* [Brief] Among the entries below, one stretch runs from the line that contains "14. Washer(M4):2 — 挿入:22, 挿入:83" through the line that contains "21. Cap(M3-6):1 — 挿入:29". Repeat that stretch exactly, ends included, and only that.

══ Raw data

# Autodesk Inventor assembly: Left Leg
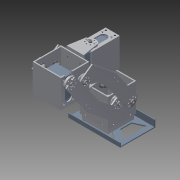
[picture p0: Inventor's stored thumbnail of the model, 180x180]
Saved by Autodesk Inventor 2013 (Build 170138000, 138)
## iProperties
Created: 2014-05-10
Part Number: Left Leg
Document SubType Name: Assembly
Designer: andou
Author: andou
## Documents named in this file (17)
- C:\Users\andou\Documents\Inventor\RoboticsProject\project_4\Robot\Leg\pre Leg.iam
- C:\Users\andou\Documents\Inventor\RoboticsProject\project_4\Robot\All Common\Serial_Case.ipt
- C:\Users\andou\Documents\Inventor\RoboticsProject\project_4\Robot\All Common\Bracket.ipt
- C:\Users\andou\Documents\Inventor\RoboticsProject\project_4\Robot\All Common\KRS-2542HV.ipt
- C:\Users\andou\Documents\Inventor\RoboticsProject\project_4\Robot\All Common\Low_Height_Horn.ipt
- C:\Users\andou\Documents\Inventor\RoboticsProject\project_4\Robot\All Common\Washer(M4).ipt
- C:\Users\andou\Documents\Inventor\RoboticsProject\project_4\Robot\All Common\Nylon_Nat(M4).ipt
- C:\Users\andou\Documents\Inventor\RoboticsProject\project_4\Robot\All Common\Cap(M4-15).ipt
- C:\Users\andou\Documents\Inventor\RoboticsProject\project_4\Robot\Free_Horn\Free_Horn.iam
- C:\Users\andou\Documents\Inventor\RoboticsProject\project_4\Robot\Free_Horn\Low Free Horn.iam
- C:\Users\andou\Documents\Inventor\RoboticsProject\project_4\Robot\All Common\Horn_Spacer.ipt
- C:\Users\andou\Documents\Inventor\RoboticsProject\project_4\Robot\All Common\Cap(M3-6).ipt
- C:\Users\andou\Documents\Inventor\RoboticsProject\project_4\Robot\Leg\Common\Parallel_Case.ipt
- C:\Users\andou\Documents\Inventor\RoboticsProject\project_4\Robot\Leg\Common\Sole_Spacer.ipt
- C:\Users\andou\Documents\Inventor\RoboticsProject\project_4\Robot\Leg\Common\Link_Flame.ipt
- C:\Users\andou\Documents\Inventor\RoboticsProject\project_4\Robot\Leg\Right_Leg\Right_Parallel_Case.ipt
- C:\Users\andou\Documents\Inventor\RoboticsProject\project_4\Robot\Leg\Right_Leg\Right_Sole.ipt
## Components (49 placed, 16 different names)
1. Serial_Case:1 — 挿入:1, 挿入:2, 挿入:4, 挿入:10
2. Bracket:1 — 挿入:8, 挿入:9, 挿入:12, 挿入:13, 挿入:71, 挿入:72
3. KRS-2542HV:1 — 挿入:1, 挿入:2, 挿入:3
4. Low_Height_Horn:1 — 挿入:3, 挿入:8, 挿入:9, 挿入:91
5. Washer(M4):1 — 挿入:4, 挿入:5
6. Nylon_Nat(M4):1 — 挿入:5
7. Cap(M4-15):1 — 挿入:11
8. Low Free Horn:1 [sub-assembly] — 挿入:10, 挿入:11, 挿入:12, 挿入:13
9. KRS-2542HV:2 — 挿入:17, 挿入:73, 挿入:74
10. Horn_Spacer:1 — 挿入:16, 挿入:29, 挿入:75, 挿入:88, 挿入:89, 挿入:90
11. Nylon_Nat(M4):2 — 挿入:22
12. Nylon_Nat(M4):3 — 挿入:21
13. Nylon_Nat(M4):4 — 挿入:20
14. Washer(M4):2 — 挿入:22, 挿入:83
15. Washer(M4):3 — 挿入:21, 挿入:84
16. Washer(M4):4 — 挿入:20, 挿入:85
17. Low_Height_Horn:2 — 挿入:16, 挿入:17, 挿入:89, 挿入:90
18. Free_Horn:1 [sub-assembly] — 挿入:32, 挿入:77, 挿入:79, 挿入:81
19. Free_Horn:2 [sub-assembly] — 挿入:31, 挿入:56, 挿入:57, 挿入:76
20. Free_Horn:3 [sub-assembly] — 挿入:30, 挿入:78, 挿入:80, 挿入:82
21. Cap(M3-6):1 — 挿入:29
22. Cap(M4-15):2 — 挿入:32
23. Cap(M4-15):3 — 挿入:31
24. Cap(M4-15):4 — 挿入:30
25. Parallel_Case:1 — 挿入:37, 挿入:38, 挿入:39, 挿入:40, 挿入:41, 挿入:42, 挿入:43, 挿入:44, 挿入:65, 挿入:66
26. Sole_Spacer:1 — 挿入:65, 挿入:66, 挿入:86, 挿入:87
27. Free_Horn:4 [sub-assembly] — 挿入:44, 挿入:52, 挿入:53, 挿入:67
28. Free_Horn:5 [sub-assembly] — 挿入:43, 挿入:51, 挿入:54, 挿入:68
29. Free_Horn:6 [sub-assembly] — 挿入:42, 挿入:45, 挿入:58, 挿入:59
30. Free_Horn:7 [sub-assembly] — 挿入:41, 挿入:46, 挿入:55, 挿入:60
31. Nylon_Nat(M4):5 — 挿入:33
32. Nylon_Nat(M4):6 — 挿入:34
33. Nylon_Nat(M4):7 — 挿入:35
34. Nylon_Nat(M4):8 — 挿入:36
35. Cap(M4-15):7 — 挿入:46
36. Cap(M4-15):8 — 挿入:45
37. Washer(M4):5 — 挿入:33, 挿入:40
38. Washer(M4):6 — 挿入:34, 挿入:39
39. Washer(M4):7 — 挿入:35, 挿入:38
40. Washer(M4):8 — 挿入:36, 挿入:37
41. Link_Flame:1 — 挿入:52, 挿入:53, 挿入:80, 挿入:82
42. Link_Flame:2 — 挿入:51, 挿入:54, 挿入:79, 挿入:81
43. Link_Flame:3 — 挿入:56, 挿入:57, 挿入:58, 挿入:59
44. Link_Flame:4 — 挿入:55, 挿入:60, 挿入:75, 挿入:88
45. Cap(M4-15):9 — 挿入:67
46. Cap(M4-15):10 — 挿入:68
47. Right_Parallel_Case:1 — 挿入:71, 挿入:72, 挿入:73, 挿入:74, 挿入:76, 挿入:77, 挿入:78, 挿入:83, 挿入:84, 挿入:85
48. Right_Sole:1 — 挿入:86, 挿入:87
49. Cap(M3-6):2 — 挿入:91
## Relationships (69: Insert 69)
- 挿入:1 [Insert]: Serial_Case:1 ↔ KRS-2542HV:1
- 挿入:2 [Insert]: Serial_Case:1 ↔ KRS-2542HV:1
- 挿入:3 [Insert]: KRS-2542HV:1 ↔ Low_Height_Horn:1
- 挿入:4 [Insert]: Serial_Case:1 ↔ Washer(M4):1
- 挿入:5 [Insert]: Washer(M4):1 ↔ Nylon_Nat(M4):1
- 挿入:8 [Insert]: Bracket:1 ↔ Low_Height_Horn:1
- 挿入:9 [Insert]: Bracket:1 ↔ Low_Height_Horn:1
- 挿入:10 [Insert]: Serial_Case:1 ↔ Low Free Horn:1
- 挿入:11 [Insert]: Cap(M4-15):1 ↔ Low Free Horn:1
- 挿入:12 [Insert]: Bracket:1 ↔ Low Free Horn:1
- 挿入:13 [Insert]: Bracket:1 ↔ Low Free Horn:1
- 挿入:16 [Insert]: Horn_Spacer:1 ↔ Low_Height_Horn:2
- 挿入:17 [Insert]: KRS-2542HV:2 ↔ Low_Height_Horn:2
- 挿入:20 [Insert]: Nylon_Nat(M4):4 ↔ Washer(M4):4
- 挿入:21 [Insert]: Nylon_Nat(M4):3 ↔ Washer(M4):3
- 挿入:22 [Insert]: Nylon_Nat(M4):2 ↔ Washer(M4):2
- 挿入:29 [Insert]: Horn_Spacer:1 ↔ Cap(M3-6):1
- 挿入:30 [Insert]: Free_Horn:3 ↔ Cap(M4-15):4
- 挿入:31 [Insert]: Free_Horn:2 ↔ Cap(M4-15):3
- 挿入:32 [Insert]: Free_Horn:1 ↔ Cap(M4-15):2
- 挿入:33 [Insert]: Nylon_Nat(M4):5 ↔ Washer(M4):5
- 挿入:34 [Insert]: Nylon_Nat(M4):6 ↔ Washer(M4):6
- 挿入:35 [Insert]: Nylon_Nat(M4):7 ↔ Washer(M4):7
- 挿入:36 [Insert]: Nylon_Nat(M4):8 ↔ Washer(M4):8
- 挿入:37 [Insert]: Parallel_Case:1 ↔ Washer(M4):8
- 挿入:38 [Insert]: Parallel_Case:1 ↔ Washer(M4):7
- 挿入:39 [Insert]: Parallel_Case:1 ↔ Washer(M4):6
- 挿入:40 [Insert]: Parallel_Case:1 ↔ Washer(M4):5
- 挿入:41 [Insert]: Parallel_Case:1 ↔ Free_Horn:7
- 挿入:42 [Insert]: Parallel_Case:1 ↔ Free_Horn:6
- 挿入:43 [Insert]: Parallel_Case:1 ↔ Free_Horn:5
- 挿入:44 [Insert]: Parallel_Case:1 ↔ Free_Horn:4
- 挿入:45 [Insert]: Free_Horn:6 ↔ Cap(M4-15):8
- 挿入:46 [Insert]: Free_Horn:7 ↔ Cap(M4-15):7
- 挿入:51 [Insert]: Free_Horn:5 ↔ Link_Flame:2
- 挿入:52 [Insert]: Free_Horn:4 ↔ Link_Flame:1
- 挿入:53 [Insert]: Free_Horn:4 ↔ Link_Flame:1
- 挿入:54 [Insert]: Free_Horn:5 ↔ Link_Flame:2
- 挿入:55 [Insert]: Free_Horn:7 ↔ Link_Flame:4
- 挿入:56 [Insert]: Free_Horn:2 ↔ Link_Flame:3
- 挿入:57 [Insert]: Free_Horn:2 ↔ Link_Flame:3
- 挿入:58 [Insert]: Free_Horn:6 ↔ Link_Flame:3
- 挿入:59 [Insert]: Free_Horn:6 ↔ Link_Flame:3
- 挿入:60 [Insert]: Free_Horn:7 ↔ Link_Flame:4
- 挿入:65 [Insert]: Parallel_Case:1 ↔ Sole_Spacer:1
- 挿入:66 [Insert]: Parallel_Case:1 ↔ Sole_Spacer:1
- 挿入:67 [Insert]: Free_Horn:4 ↔ Cap(M4-15):9
- 挿入:68 [Insert]: Free_Horn:5 ↔ Cap(M4-15):10
- 挿入:71 [Insert]: Bracket:1 ↔ Right_Parallel_Case:1
- 挿入:72 [Insert]: Bracket:1 ↔ Right_Parallel_Case:1
- 挿入:73 [Insert]: KRS-2542HV:2 ↔ Right_Parallel_Case:1
- 挿入:74 [Insert]: KRS-2542HV:2 ↔ Right_Parallel_Case:1
- 挿入:75 [Insert]: Horn_Spacer:1 ↔ Link_Flame:4
- 挿入:76 [Insert]: Free_Horn:2 ↔ Right_Parallel_Case:1
- 挿入:77 [Insert]: Free_Horn:1 ↔ Right_Parallel_Case:1
- 挿入:78 [Insert]: Free_Horn:3 ↔ Right_Parallel_Case:1
- 挿入:79 [Insert]: Free_Horn:1 ↔ Link_Flame:2
- 挿入:80 [Insert]: Free_Horn:3 ↔ Link_Flame:1
- 挿入:81 [Insert]: Free_Horn:1 ↔ Link_Flame:2
- 挿入:82 [Insert]: Free_Horn:3 ↔ Link_Flame:1
- 挿入:83 [Insert]: Washer(M4):2 ↔ Right_Parallel_Case:1
- 挿入:84 [Insert]: Washer(M4):3 ↔ Right_Parallel_Case:1
- 挿入:85 [Insert]: Washer(M4):4 ↔ Right_Parallel_Case:1
- 挿入:86 [Insert]: Sole_Spacer:1 ↔ Right_Sole:1
- 挿入:87 [Insert]: Sole_Spacer:1 ↔ Right_Sole:1
- 挿入:88 [Insert]: Horn_Spacer:1 ↔ Link_Flame:4
- 挿入:89 [Insert]: Horn_Spacer:1 ↔ Low_Height_Horn:2
- 挿入:90 [Insert]: Horn_Spacer:1 ↔ Low_Height_Horn:2
- 挿入:91 [Insert]: Low_Height_Horn:1 ↔ Cap(M3-6):2

════

* [Finished task]
14. Washer(M4):2 — 挿入:22, 挿入:83
15. Washer(M4):3 — 挿入:21, 挿入:84
16. Washer(M4):4 — 挿入:20, 挿入:85
17. Low_Height_Horn:2 — 挿入:16, 挿入:17, 挿入:89, 挿入:90
18. Free_Horn:1 [sub-assembly] — 挿入:32, 挿入:77, 挿入:79, 挿入:81
19. Free_Horn:2 [sub-assembly] — 挿入:31, 挿入:56, 挿入:57, 挿入:76
20. Free_Horn:3 [sub-assembly] — 挿入:30, 挿入:78, 挿入:80, 挿入:82
21. Cap(M3-6):1 — 挿入:29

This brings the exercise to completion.